• _Source records_
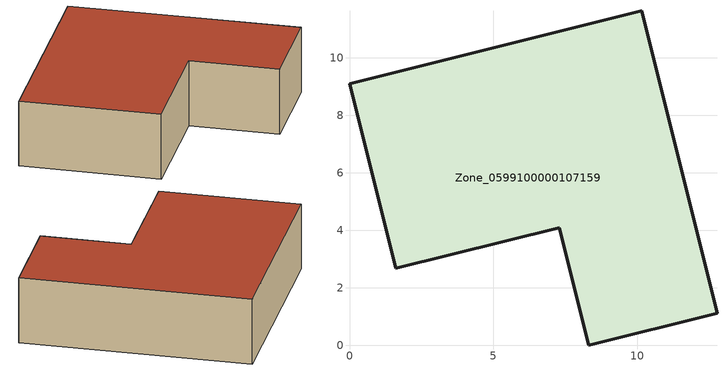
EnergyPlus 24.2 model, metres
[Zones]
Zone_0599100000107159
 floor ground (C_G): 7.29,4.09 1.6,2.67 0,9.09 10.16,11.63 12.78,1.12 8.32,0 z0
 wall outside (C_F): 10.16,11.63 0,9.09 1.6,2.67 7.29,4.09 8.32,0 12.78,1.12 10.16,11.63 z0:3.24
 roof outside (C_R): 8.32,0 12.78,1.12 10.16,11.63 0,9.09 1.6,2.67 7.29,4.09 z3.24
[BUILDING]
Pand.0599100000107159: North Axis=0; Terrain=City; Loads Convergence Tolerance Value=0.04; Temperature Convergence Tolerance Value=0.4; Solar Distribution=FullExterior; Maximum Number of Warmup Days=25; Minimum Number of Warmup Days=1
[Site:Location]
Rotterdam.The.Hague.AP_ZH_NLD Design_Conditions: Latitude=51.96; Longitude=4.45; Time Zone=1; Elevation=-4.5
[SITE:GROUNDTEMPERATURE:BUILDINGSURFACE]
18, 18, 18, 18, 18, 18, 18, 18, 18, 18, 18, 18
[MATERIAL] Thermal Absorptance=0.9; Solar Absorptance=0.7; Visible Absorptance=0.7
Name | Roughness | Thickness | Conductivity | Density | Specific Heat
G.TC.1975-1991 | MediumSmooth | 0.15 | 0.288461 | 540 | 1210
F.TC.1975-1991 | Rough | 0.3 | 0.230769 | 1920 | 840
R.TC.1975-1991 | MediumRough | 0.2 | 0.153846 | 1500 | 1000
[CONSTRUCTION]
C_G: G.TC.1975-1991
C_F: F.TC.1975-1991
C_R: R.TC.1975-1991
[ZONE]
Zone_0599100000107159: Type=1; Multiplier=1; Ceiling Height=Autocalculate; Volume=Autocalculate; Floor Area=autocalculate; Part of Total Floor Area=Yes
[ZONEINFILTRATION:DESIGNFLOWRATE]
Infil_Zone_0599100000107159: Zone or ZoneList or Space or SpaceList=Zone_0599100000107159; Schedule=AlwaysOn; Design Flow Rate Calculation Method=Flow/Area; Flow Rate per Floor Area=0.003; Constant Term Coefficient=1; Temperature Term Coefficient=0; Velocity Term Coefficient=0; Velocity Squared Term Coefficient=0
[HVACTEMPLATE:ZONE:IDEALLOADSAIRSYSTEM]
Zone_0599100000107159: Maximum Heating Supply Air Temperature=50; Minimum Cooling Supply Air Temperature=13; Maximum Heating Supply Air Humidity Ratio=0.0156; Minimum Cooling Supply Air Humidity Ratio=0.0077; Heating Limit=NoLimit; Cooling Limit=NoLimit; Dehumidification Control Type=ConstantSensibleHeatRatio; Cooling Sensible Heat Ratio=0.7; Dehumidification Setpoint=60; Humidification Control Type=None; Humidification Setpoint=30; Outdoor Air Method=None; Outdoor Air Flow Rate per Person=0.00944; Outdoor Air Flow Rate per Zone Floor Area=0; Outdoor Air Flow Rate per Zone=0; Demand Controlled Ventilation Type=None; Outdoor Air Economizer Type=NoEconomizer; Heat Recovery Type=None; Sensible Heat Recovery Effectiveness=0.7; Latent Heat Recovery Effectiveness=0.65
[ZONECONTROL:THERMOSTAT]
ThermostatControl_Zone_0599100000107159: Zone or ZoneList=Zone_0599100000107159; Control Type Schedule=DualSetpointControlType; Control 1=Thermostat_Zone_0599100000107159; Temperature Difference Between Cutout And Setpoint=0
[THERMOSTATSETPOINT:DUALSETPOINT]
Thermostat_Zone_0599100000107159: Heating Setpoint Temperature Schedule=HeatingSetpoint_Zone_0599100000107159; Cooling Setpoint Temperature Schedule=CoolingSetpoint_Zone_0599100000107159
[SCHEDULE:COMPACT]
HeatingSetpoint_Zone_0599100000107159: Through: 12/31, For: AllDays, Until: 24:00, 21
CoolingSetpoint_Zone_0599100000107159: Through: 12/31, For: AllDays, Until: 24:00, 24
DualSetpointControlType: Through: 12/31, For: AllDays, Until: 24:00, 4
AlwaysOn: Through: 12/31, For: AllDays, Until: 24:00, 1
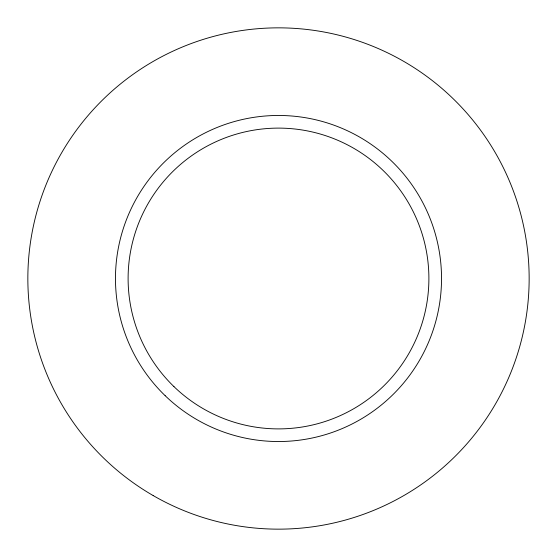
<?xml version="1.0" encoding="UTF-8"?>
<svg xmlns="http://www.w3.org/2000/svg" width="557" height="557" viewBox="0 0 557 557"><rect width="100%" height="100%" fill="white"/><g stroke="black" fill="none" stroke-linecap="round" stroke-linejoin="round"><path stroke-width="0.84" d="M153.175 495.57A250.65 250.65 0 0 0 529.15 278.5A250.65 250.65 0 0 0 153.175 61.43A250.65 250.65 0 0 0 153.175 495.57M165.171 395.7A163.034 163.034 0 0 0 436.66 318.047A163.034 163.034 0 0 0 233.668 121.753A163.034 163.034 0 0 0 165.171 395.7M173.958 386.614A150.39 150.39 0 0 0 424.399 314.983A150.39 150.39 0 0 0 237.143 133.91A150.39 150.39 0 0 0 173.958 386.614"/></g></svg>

• _Work task_
Please, from the entries above, set down exactly the lines from the one containing "[THERMOSTATSETPOINT:DUALSETPOINT]" through the one containing "Until: 24:00, 24", and only those.

• _Result of the task_
[THERMOSTATSETPOINT:DUALSETPOINT]
Thermostat_Zone_0599100000107159: Heating Setpoint Temperature Schedule=HeatingSetpoint_Zone_0599100000107159; Cooling Setpoint Temperature Schedule=CoolingSetpoint_Zone_0599100000107159
[SCHEDULE:COMPACT]
HeatingSetpoint_Zone_0599100000107159: Through: 12/31, For: AllDays, Until: 24:00, 21
CoolingSetpoint_Zone_0599100000107159: Through: 12/31, For: AllDays, Until: 24:00, 24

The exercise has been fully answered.